WHAT IS BEING ASKED
Once you find the line with "center; font-family: 'Times" in the data that follows, repeat it and every line after it exactly, through the line with "## KiCad design".

○ ○ ○ ○

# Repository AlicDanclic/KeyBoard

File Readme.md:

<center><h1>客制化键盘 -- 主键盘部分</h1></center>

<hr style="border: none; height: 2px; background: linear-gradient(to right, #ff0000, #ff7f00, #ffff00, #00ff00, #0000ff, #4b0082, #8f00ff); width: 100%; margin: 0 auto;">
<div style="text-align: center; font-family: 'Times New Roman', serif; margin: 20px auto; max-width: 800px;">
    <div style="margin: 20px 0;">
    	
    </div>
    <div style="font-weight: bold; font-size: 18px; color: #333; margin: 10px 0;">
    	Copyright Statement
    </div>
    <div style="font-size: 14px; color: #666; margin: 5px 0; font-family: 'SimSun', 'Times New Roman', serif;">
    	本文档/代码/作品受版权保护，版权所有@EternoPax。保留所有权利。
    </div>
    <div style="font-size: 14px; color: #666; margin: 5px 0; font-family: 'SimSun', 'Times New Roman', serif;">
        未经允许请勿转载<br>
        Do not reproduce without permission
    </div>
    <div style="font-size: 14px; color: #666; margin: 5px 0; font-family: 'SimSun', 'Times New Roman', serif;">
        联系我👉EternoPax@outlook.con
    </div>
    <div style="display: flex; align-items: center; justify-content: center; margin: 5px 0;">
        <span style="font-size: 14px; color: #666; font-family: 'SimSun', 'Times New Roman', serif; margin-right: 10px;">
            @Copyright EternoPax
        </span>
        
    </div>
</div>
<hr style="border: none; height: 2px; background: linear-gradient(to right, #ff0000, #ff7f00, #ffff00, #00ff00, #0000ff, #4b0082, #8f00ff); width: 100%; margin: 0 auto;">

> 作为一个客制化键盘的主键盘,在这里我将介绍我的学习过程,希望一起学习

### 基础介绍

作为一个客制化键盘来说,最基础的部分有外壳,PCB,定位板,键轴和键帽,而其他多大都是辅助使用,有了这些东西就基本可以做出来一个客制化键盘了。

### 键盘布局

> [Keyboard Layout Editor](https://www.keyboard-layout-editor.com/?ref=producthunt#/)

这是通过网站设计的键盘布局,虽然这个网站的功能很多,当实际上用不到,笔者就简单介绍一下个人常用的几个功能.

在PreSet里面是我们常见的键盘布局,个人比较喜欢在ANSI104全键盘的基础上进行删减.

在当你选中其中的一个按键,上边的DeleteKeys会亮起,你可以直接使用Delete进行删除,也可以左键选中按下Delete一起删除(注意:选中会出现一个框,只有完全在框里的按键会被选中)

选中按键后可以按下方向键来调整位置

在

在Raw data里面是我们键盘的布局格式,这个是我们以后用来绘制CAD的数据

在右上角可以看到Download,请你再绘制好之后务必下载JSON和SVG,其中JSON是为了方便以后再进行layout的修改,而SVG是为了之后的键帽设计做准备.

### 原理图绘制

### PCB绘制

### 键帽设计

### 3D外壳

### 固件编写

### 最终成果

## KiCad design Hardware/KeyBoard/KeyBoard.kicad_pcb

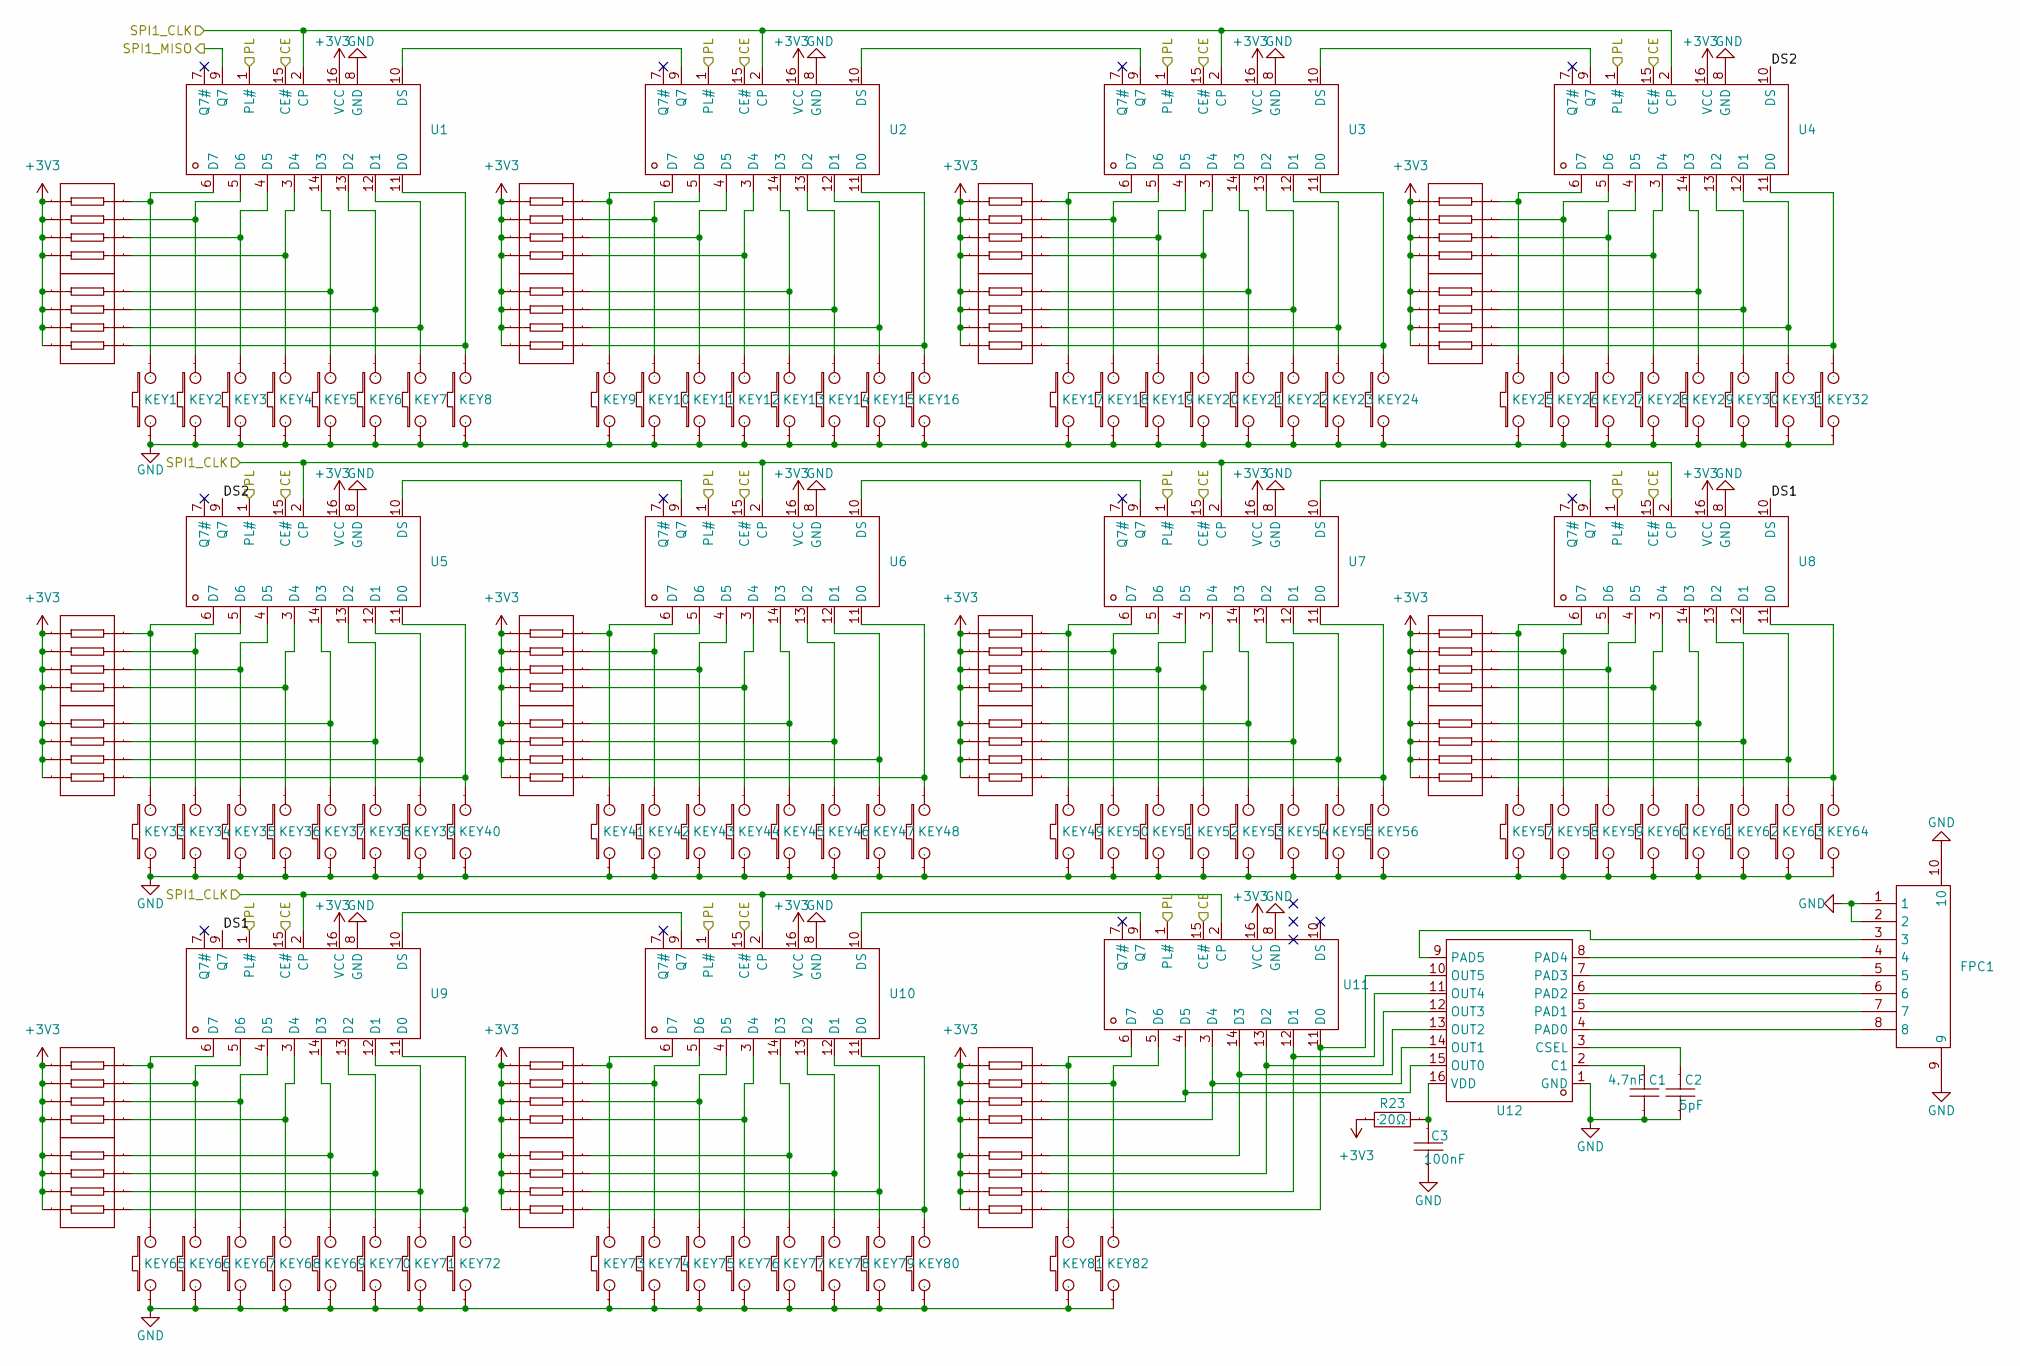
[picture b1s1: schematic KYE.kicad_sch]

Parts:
C1: 4.7nF; C0402; Manufacturer Part 0402B472K500NT; LCSC Part Name 4.7nF ±10% 50V
C2: 5pF; C0402; Manufacturer Part 0402B472K500NT; LCSC Part Name 4.7nF ±10% 50V
C3: 100nF; C0402; Manufacturer Part 0402B472K500NT; LCSC Part Name 4.7nF ±10% 50V
FPC1: FPC-SMD_P0.50-8P_FGS-XJ-H2.0; Manufacturer Part AFC01-S08FCA-00; LCSC Part Name 0.5mm P数:8 翻盖式 下接
KEY1, KEY2, KEY3, KEY4, KEY5, KEY6, KEY7, KEY8, KEY9, KEY10, KEY11, KEY12, KEY13, KEY14, KEY15, KEY16, KEY17, KEY18, KEY19, KEY20, KEY21, KEY22, KEY23, KEY24, KEY25, KEY26, KEY27, KEY28, KEY29, KEY30, KEY31, KEY32, KEY33, KEY34, KEY35, KEY36, KEY37, KEY38, KEY39, KEY40, KEY41, KEY42, KEY43, KEY44, KEY45, KEY46, KEY47, KEY48, KEY49, KEY50, KEY51, KEY52, KEY53, KEY54, KEY55, KEY56, KEY57, KEY58, KEY59, KEY60, KEY61, KEY62, KEY63, KEY64, KEY65, KEY66, KEY67, KEY68, KEY69, KEY70, KEY71, KEY72, KEY73, KEY74, KEY75, KEY76, KEY77, KEY78, KEY79, KEY80, KEY81, KEY82: MX-KEY-INSTALLED
R1, R2, R3, R4, R5, R6, R7, R8, R9, R10, R11, R12, R13, R14, R15, R16, R17, R18, R19, R20, R21, R22: 10kΩ; RES-ARRAY-SMD_0603-8P-L3.2-W1.6-BL; Manufacturer Part 4D03WGJ0103T5E; LCSC Part Name 10kΩ ±5%
R23: 20Ω; R0402; Manufacturer Part 0402WGF220JTCE; LCSC Part Name 22Ω ±1% 62.5mW
U1, U2, U3, U4, U5, U6, U7, U8, U9, U10, U11: SOIC-16_L9.9-W3.9-P1.27-LS6.0-BL; Manufacturer Part 74HC165D,653; LCSC Part Name 74HC165D,653
U12: SOP-16_L10.0-W3.9-P1.27-LS6.0-BL; Manufacturer Part XW06A; LCSC Part Name XW06A

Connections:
+3V3: R1.5, R1.6, R1.7, R1.8, R2.5, R2.6, R2.7, R2.8, R3.5, R3.6, R3.7, R3.8, R4.5, R4.6, R4.7, R4.8, R5.5, R5.6, R5.7, R5.8, R6.5, R6.6, R6.7, R6.8, R7.5, R7.6, R7.7, R7.8, R8.5, R8.6, R8.7, R8.8, R9.5, R9.6, R9.7, R9.8, R10.5, R10.6, R10.7, R10.8, R11.5, R11.6, R11.7, R11.8, R12.5, R12.6, R12.7, R12.8, R13.5, R13.6, R13.7, R13.8, R14.5, R14.6, R14.7, R14.8, R15.5, R15.6, R15.7, R15.8, R16.5, R16.6, R16.7, R16.8, R17.5, R17.6, R17.7, R17.8, R18.5, R18.6, R18.7, R18.8, R19.5, R19.6, R19.7, R19.8, R20.5, R20.6, R20.7, R20.8, R21.5, R21.6, R21.7, R21.8, R22.5, R22.6, R22.7, R22.8, R23.1, U1.16 (VCC), U2.16 (VCC), U3.16 (VCC), U4.16 (VCC), U5.16 (VCC), U6.16 (VCC), U7.16 (VCC), U8.16 (VCC), U9.16 (VCC), U10.16 (VCC), U11.16 (VCC); also elsewhere on the board
/KEY/CE: U1.15 (CE#), U2.15 (CE#), U3.15 (CE#), U4.15 (CE#), U5.15 (CE#), U6.15 (CE#), U7.15 (CE#), U8.15 (CE#), U9.15 (CE#), U10.15 (CE#), U11.15 (CE#); also elsewhere on the board
/KEY/DS1: U8.10 (DS), U9.9 (Q7)
/KEY/DS2: U4.10 (DS), U5.9 (Q7)
/KEY/PL: U1.1 (PL#), U2.1 (PL#), U3.1 (PL#), U4.1 (PL#), U5.1 (PL#), U6.1 (PL#), U7.1 (PL#), U8.1 (PL#), U9.1 (PL#), U10.1 (PL#), U11.1 (PL#); also elsewhere on the board
/KEY/SPI1_CLK: U1.2 (CP), U2.2 (CP), U3.2 (CP), U4.2 (CP), U5.2 (CP), U6.2 (CP), U7.2 (CP), U8.2 (CP), U9.2 (CP), U10.2 (CP), U11.2 (CP); also elsewhere on the board
/KEY/SPI1_MISO: U1.9 (Q7); also elsewhere on the board
GND: C1.2, C2.1, C3.1, FPC1.1, FPC1.2, FPC1.9, FPC1.10, KEY1.1, KEY2.1, KEY3.1, KEY4.1, KEY5.1, KEY6.1, KEY7.1, KEY8.1, KEY9.1, KEY10.1, KEY11.1, KEY12.1, KEY13.1, KEY14.1, KEY15.1, KEY16.1, KEY17.1, KEY18.1, KEY19.1, KEY20.1, KEY21.1, KEY22.1, KEY23.1, KEY24.1, KEY25.1, KEY26.1, KEY27.1, KEY28.1, KEY29.1, KEY30.1, KEY31.1, KEY32.1, KEY33.1, KEY34.1, KEY35.1, KEY36.1, KEY37.1, KEY38.1, KEY39.1, KEY40.1, KEY41.1, KEY42.1, KEY43.1, KEY44.1, KEY45.1, KEY46.1, KEY47.1, KEY48.1, KEY49.1, KEY50.1, KEY51.1, KEY52.1, KEY53.1, KEY54.1, KEY55.1, KEY56.1, KEY57.1, KEY58.1, KEY59.1, KEY60.1, KEY61.1, KEY62.1, KEY63.1, KEY64.1, KEY65.1, KEY66.1, KEY67.1, KEY68.1, KEY69.1, KEY70.1, KEY71.1, KEY72.1, KEY73.1, KEY74.1, KEY75.1, KEY76.1, KEY77.1, KEY78.1, KEY79.1, KEY80.1, KEY81.1, KEY82.1, U1.8 (GND), U2.8 (GND), U3.8 (GND), U4.8 (GND), U5.8 (GND), U6.8 (GND), U7.8 (GND), U8.8 (GND), U9.8 (GND), U10.8 (GND), U11.8 (GND), U12.1 (GND); also elsewhere on the board
unnamed: KEY8.2, R2.4, U1.11 (D0)
unnamed: KEY7.2, R2.3, U1.12 (D1)
unnamed: KEY6.2, R2.2, U1.13 (D2)
unnamed: KEY5.2, R2.1, U1.14 (D3)
unnamed: KEY4.2, R1.4, U1.3 (D4)
unnamed: KEY3.2, R1.3, U1.4 (D5)
unnamed: KEY2.2, R1.2, U1.5 (D6)
unnamed: KEY1.2, R1.1, U1.6 (D7)
unnamed: U1.10 (DS), U2.9 (Q7)
unnamed: KEY16.2, R4.4, U2.11 (D0)
unnamed: KEY15.2, R4.3, U2.12 (D1)
unnamed: KEY14.2, R4.2, U2.13 (D2)
unnamed: KEY13.2, R4.1, U2.14 (D3)
unnamed: KEY12.2, R3.4, U2.3 (D4)
unnamed: KEY11.2, R3.3, U2.4 (D5)
unnamed: KEY10.2, R3.2, U2.5 (D6)
unnamed: KEY9.2, R3.1, U2.6 (D7)
unnamed: U2.10 (DS), U3.9 (Q7)
unnamed: KEY24.2, R6.4, U3.11 (D0)
unnamed: KEY23.2, R6.3, U3.12 (D1)
unnamed: KEY22.2, R6.2, U3.13 (D2)
unnamed: KEY21.2, R6.1, U3.14 (D3)
unnamed: KEY20.2, R5.4, U3.3 (D4)
unnamed: KEY19.2, R5.3, U3.4 (D5)
unnamed: KEY18.2, R5.2, U3.5 (D6)
unnamed: KEY17.2, R5.1, U3.6 (D7)
unnamed: U3.10 (DS), U4.9 (Q7)
unnamed: KEY32.2, R8.4, U4.11 (D0)
unnamed: KEY31.2, R8.3, U4.12 (D1)
unnamed: KEY30.2, R8.2, U4.13 (D2)
unnamed: KEY29.2, R8.1, U4.14 (D3)
unnamed: KEY28.2, R7.4, U4.3 (D4)
unnamed: KEY27.2, R7.3, U4.4 (D5)
unnamed: KEY26.2, R7.2, U4.5 (D6)
unnamed: KEY25.2, R7.1, U4.6 (D7)
unnamed: KEY40.2, R10.4, U5.11 (D0)
unnamed: KEY39.2, R10.3, U5.12 (D1)
unnamed: KEY38.2, R10.2, U5.13 (D2)
unnamed: KEY37.2, R10.1, U5.14 (D3)
unnamed: KEY36.2, R9.4, U5.3 (D4)
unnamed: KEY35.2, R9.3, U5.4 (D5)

○ ○ ○ ○

TASK ANSWER
<div style="text-align: center; font-family: 'Times New Roman', serif; margin: 20px auto; max-width: 800px;">
    <div style="margin: 20px 0;">
    	
    </div>
    <div style="font-weight: bold; font-size: 18px; color: #333; margin: 10px 0;">
    	Copyright Statement
    </div>
    <div style="font-size: 14px; color: #666; margin: 5px 0; font-family: 'SimSun', 'Times New Roman', serif;">
    	本文档/代码/作品受版权保护，版权所有@EternoPax。保留所有权利。
    </div>
    <div style="font-size: 14px; color: #666; margin: 5px 0; font-family: 'SimSun', 'Times New Roman', serif;">
        未经允许请勿转载<br>
        Do not reproduce without permission
    </div>
    <div style="font-size: 14px; color: #666; margin: 5px 0; font-family: 'SimSun', 'Times New Roman', serif;">
        联系我👉EternoPax@outlook.con
    </div>
    <div style="display: flex; align-items: center; justify-content: center; margin: 5px 0;">
        <span style="font-size: 14px; color: #666; font-family: 'SimSun', 'Times New Roman', serif; margin-right: 10px;">
            @Copyright EternoPax
        </span>
        
    </div>
</div>
<hr style="border: none; height: 2px; background: linear-gradient(to right, #ff0000, #ff7f00, #ffff00, #00ff00, #0000ff, #4b0082, #8f00ff); width: 100%; margin: 0 auto;">

> 作为一个客制化键盘的主键盘,在这里我将介绍我的学习过程,希望一起学习

### 基础介绍

作为一个客制化键盘来说,最基础的部分有外壳,PCB,定位板,键轴和键帽,而其他多大都是辅助使用,有了这些东西就基本可以做出来一个客制化键盘了。

### 键盘布局

> [Keyboard Layout Editor](https://www.keyboard-layout-editor.com/?ref=producthunt#/)

这是通过网站设计的键盘布局,虽然这个网站的功能很多,当实际上用不到,笔者就简单介绍一下个人常用的几个功能.

在PreSet里面是我们常见的键盘布局,个人比较喜欢在ANSI104全键盘的基础上进行删减.

在当你选中其中的一个按键,上边的DeleteKeys会亮起,你可以直接使用Delete进行删除,也可以左键选中按下Delete一起删除(注意:选中会出现一个框,只有完全在框里的按键会被选中)

选中按键后可以按下方向键来调整位置

在

在Raw data里面是我们键盘的布局格式,这个是我们以后用来绘制CAD的数据

在右上角可以看到Download,请你再绘制好之后务必下载JSON和SVG,其中JSON是为了方便以后再进行layout的修改,而SVG是为了之后的键帽设计做准备.

### 原理图绘制

### PCB绘制

### 键帽设计

### 3D外壳

### 固件编写

### 最终成果

## KiCad design Hardware/KeyBoard/KeyBoard.kicad_pcb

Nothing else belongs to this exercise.